Extracellular matrix synthesized by clonal osteogenic cells is osteoinductive in vivo and in vitro: Role of transforming growth factor-beta1 in osteoblast cell-matrix interaction

Abstract

ROB-C26 (C26) is a multipotential, clonal cell line known to express several members of the TGF-β superfamily and to become more osteoblastic (e.g., express higher levels of alkaline phosphatase) upon treatment with 10⁻⁶ M retinoic acid (RA). We hypothesize that the expression of this more osteoblastic phenotype subsequent to RA exposure is the result of the treated cell's extracellular matrix (ECM) becoming a repository and active source of putative osteoinductive growth factors including, specifically, select members of the TGF-β superfamily. To test this hypothesis, we isolated the ECM from RA-treated and untreated C26 cells and assessed them for their ability to promote osteogenic differentiation in vivo and in vitro.

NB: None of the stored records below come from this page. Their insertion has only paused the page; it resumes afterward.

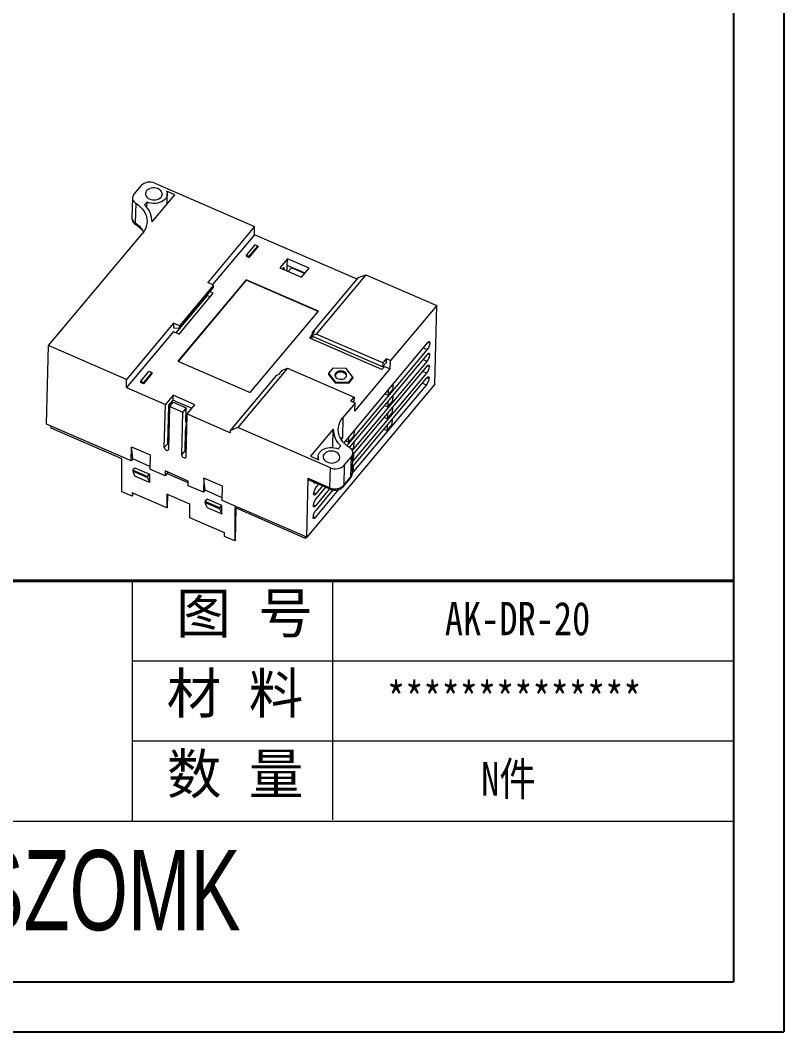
# Model space of a CAD drawing. Header units: inches. Extents: x 3261 to 5228, y 1126 to 1502.
# Drawn here: x 4261.2 to 4397.6, y 1125.7 to 1306.5 of the extents above; entities that cross this region are included whole.
import ezdxf

# ---------------------------------------------------------------- set-up
doc = ezdxf.new("R2010")
doc.units = ezdxf.units.IN
doc.header["$LTSCALE"] = 15
doc.layers.add('文字', color=81, linetype='Continuous')
doc.layers.add('粗实线', color=7, linetype='Continuous', lineweight=30)
doc.layers.add('细实线', color=3, linetype='Continuous', lineweight=9)
doc.styles.get("Standard").update_dxf_attribs({"font": 'txt', "bigfont": 'gbcbig.shx'})
doc.styles.add('宋体', font='', dxfattribs={"width": 0.8, "height": 3.5})
doc.styles.add('长仿宋', font='', dxfattribs={"width": 0.7, "height": 4})
doc.styles.get('宋体').set_extended_font_data('SimSun')
doc.styles.get('长仿宋').set_extended_font_data('SimSun')

msp = doc.modelspace()

# ---------------------------------------------------------------- linework, layer by layer
for p, q in [((4397.637, 1501.891), (4397.637, 1125.657)), ((4388.679, 1492.933), (4388.679, 1134.615)), ((3879.303, 1134.615), (4388.679, 1134.615)), ((3865.535, 1125.657), (4397.637, 1125.657))]:
    msp.add_line(p, q)
at = {"color": 7, "linetype": 'Continuous', "lineweight": 15}
for p, q in [((4285.258, 1277.391), (4303.081, 1269.66)), ((4282.793, 1276.97), (4281.499, 1275.424)), ((4284.765, 1270.491), (4288.827, 1275.346)), ((4288.827, 1275.346), (4287.353, 1275.986)), ((4287.425, 1273.669), (4287.47, 1275.422)), ((4281.25, 1274.798), (4281.156, 1271.223)), ((4281.853, 1273.808), (4281.76, 1270.232)), ((4283.852, 1274.027), (4283.419, 1273.511)), ((4283.826, 1273.064), (4283.852, 1274.027)), ((4266.262, 1248.375), (4283.034, 1268.421)), ((4303.081, 1269.66), (4294.695, 1259.637)), ((4303.043, 1268.188), (4295.571, 1259.257)), ((4303.043, 1268.188), (4303.081, 1269.66)), ((4321.39, 1260.23), (4303.043, 1268.188)), ((4303.12, 1266.38), (4301.595, 1264.558)), ((4303.636, 1266.156), (4303.12, 1266.38)), ((4301.595, 1264.558), (4301.59, 1264.348)), ((4301.595, 1264.558), (4302.112, 1264.334)), ((4302.106, 1264.123), (4303.631, 1265.946)), ((4302.112, 1264.334), (4303.636, 1266.156)), ((4303.636, 1266.156), (4303.631, 1265.946)), ((4301.59, 1264.348), (4302.106, 1264.123)), ((4302.112, 1264.334), (4302.106, 1264.123)), ((4308.95, 1263.887), (4307.577, 1262.247)), ((4308.868, 1261.687), (4308.919, 1262.709)), ((4308.919, 1262.709), (4308.95, 1263.887)), ((4312.093, 1261.333), (4308.919, 1262.709)), ((4312.824, 1262.207), (4308.95, 1263.887)), ((4307.577, 1262.247), (4311.452, 1260.566)), ((4308.078, 1262.03), (4308.318, 1262.317)), ((4308.318, 1262.317), (4308.308, 1261.93)), ((4309.103, 1261.585), (4309.689, 1262.287)), ((4312.014, 1261.278), (4309.689, 1262.287)), ((4312.014, 1261.278), (4311.427, 1260.577)), ((4311.452, 1260.566), (4312.824, 1262.207)), ((4312.012, 1261.236), (4312.014, 1261.278)), ((4322.971, 1261.033), (4314.097, 1250.427)), ((4321.652, 1260.542), (4322.971, 1261.033)), ((4322.971, 1261.033), (4335.628, 1255.543)), ((4301.581, 1260.129), (4289.383, 1245.55)), ((4301.578, 1260.045), (4289.433, 1245.528)), ((4295.728, 1259.189), (4289.629, 1251.9)), ((4295.728, 1259.189), (4294.695, 1259.637)), ((4295.717, 1258.768), (4295.728, 1259.189)), ((4301.578, 1260.045), (4301.581, 1260.129)), ((4314.444, 1254.465), (4301.578, 1260.045)), ((4314.496, 1254.527), (4301.581, 1260.129)), ((4313.388, 1250.664), (4321.652, 1260.542)), ((4289.058, 1250.658), (4294.635, 1257.324)), ((4289.591, 1250.427), (4295.69, 1257.717)), ((4289.618, 1251.479), (4295.717, 1258.768)), ((4294.635, 1257.324), (4294.639, 1257.479)), ((4294.635, 1257.324), (4295.168, 1257.093)), ((4295.69, 1257.717), (4295.064, 1257.988)), ((4335.628, 1255.543), (4327.364, 1245.666)), ((4335.26, 1241.451), (4335.628, 1255.543)), ((4302.298, 1239.948), (4314.496, 1254.527)), ((4288.596, 1252.348), (4280.21, 1242.325)), ((4288.596, 1252.348), (4288.574, 1251.506)), ((4289.629, 1251.9), (4288.596, 1252.348)), ((4289.629, 1251.9), (4289.618, 1251.479)), ((4288.558, 1250.875), (4280.172, 1240.852)), ((4288.558, 1250.875), (4289.591, 1250.427)), ((4288.574, 1251.506), (4289.618, 1251.479)), ((4312.919, 1249.697), (4313.224, 1250.061)), ((4313.173, 1250.083), (4313.783, 1250.812)), ((4314.097, 1250.427), (4313.173, 1250.083)), ((4325.96, 1244.537), (4313.173, 1250.083)), ((4313.357, 1249.507), (4313.37, 1249.998)), ((4313.388, 1250.664), (4313.379, 1250.328)), ((4313.783, 1250.812), (4313.388, 1250.664)), ((4325.979, 1245.273), (4314.097, 1250.427)), ((4265.894, 1234.283), (4266.262, 1248.375)), ((4280.21, 1242.325), (4266.262, 1248.375)), ((4325.835, 1244.095), (4312.919, 1249.697)), ((4333.977, 1248.883), (4318.999, 1230.982)), ((4319.572, 1230.444), (4333.944, 1247.621)), ((4333.922, 1246.78), (4319.996, 1230.136)), ((4289.383, 1245.55), (4302.298, 1239.948)), ((4320.541, 1229.564), (4333.889, 1245.518)), ((4333.867, 1244.677), (4320.633, 1228.859)), ((4326.292, 1244.642), (4325.835, 1244.095)), ((4325.979, 1245.273), (4325.96, 1244.537)), ((4326.57, 1245.266), (4325.96, 1244.537)), ((4326.589, 1246.002), (4325.979, 1245.273)), ((4326.292, 1244.642), (4327.325, 1244.194)), ((4326.589, 1246.002), (4326.57, 1245.266)), ((4327.364, 1245.666), (4326.589, 1246.002)), ((4327.325, 1244.194), (4327.364, 1245.666)), ((4282.689, 1241.96), (4284.213, 1243.783)), ((4284.724, 1243.348), (4283.2, 1241.526)), ((4284.73, 1243.559), (4283.205, 1241.736)), ((4284.213, 1243.783), (4284.73, 1243.559)), ((4284.73, 1243.559), (4284.724, 1243.348)), ((4298.781, 1233.206), (4307.045, 1243.083)), ((4308.974, 1244.304), (4300.1, 1233.698)), ((4307.045, 1243.083), (4307.441, 1243.231)), ((4307.441, 1243.231), (4308.05, 1243.96)), ((4308.05, 1243.96), (4308.974, 1244.304)), ((4308.974, 1244.304), (4320.856, 1239.15)), ((4316.294, 1243.415), (4316.288, 1243.204)), ((4316.288, 1243.204), (4317.48, 1241.683)), ((4317.043, 1244.311), (4316.294, 1243.415)), ((4316.294, 1243.415), (4317.485, 1241.894)), ((4319.468, 1244.263), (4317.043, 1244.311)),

We then explored whether the latter activities could be attributed specifically to TGF-β1. We found that the ECM of treated cells isolated by cell lysis and extensive washing induced endochondral bone formation in vivo when implanted into the thigh muscles of athymic nude mice and stimulated alkaline phosphatase (ALP) activity in vitro in freshly plated C26 cells. This latter stimulation was comparable to levels observed with direct RA treatment. This latter in vitro activity was only very partially mimicked by the ECM prepared from untreated cells and not duplicated at all by RA-treated collagen or the ECM from another RA-treated multipotential cell line. Moreover, the in vivo osteoinductive effect of the treated C26 cell ECM was not duplicated by comparable ECM prepared from untreated cells. Finally, we also found that preincubation of the ECM with specific, neutralizing antibodies to either TGF-β's 1, 2, and 3 or TGF-β1 alone substantially reduced the ability of the ECM to stimulate ALP activity. This inhibitory effect was not seen using nonspecific IgG. These data identify the C26 cell line as a valuable model system for exploring cell-matrix interaction in osteogenic differentiation, provide direct support for an autocrine role of the ECM in such differentiation, and suggest that TGF-β1 is an important ECM-based mediator in the regulation of osteoblastic development.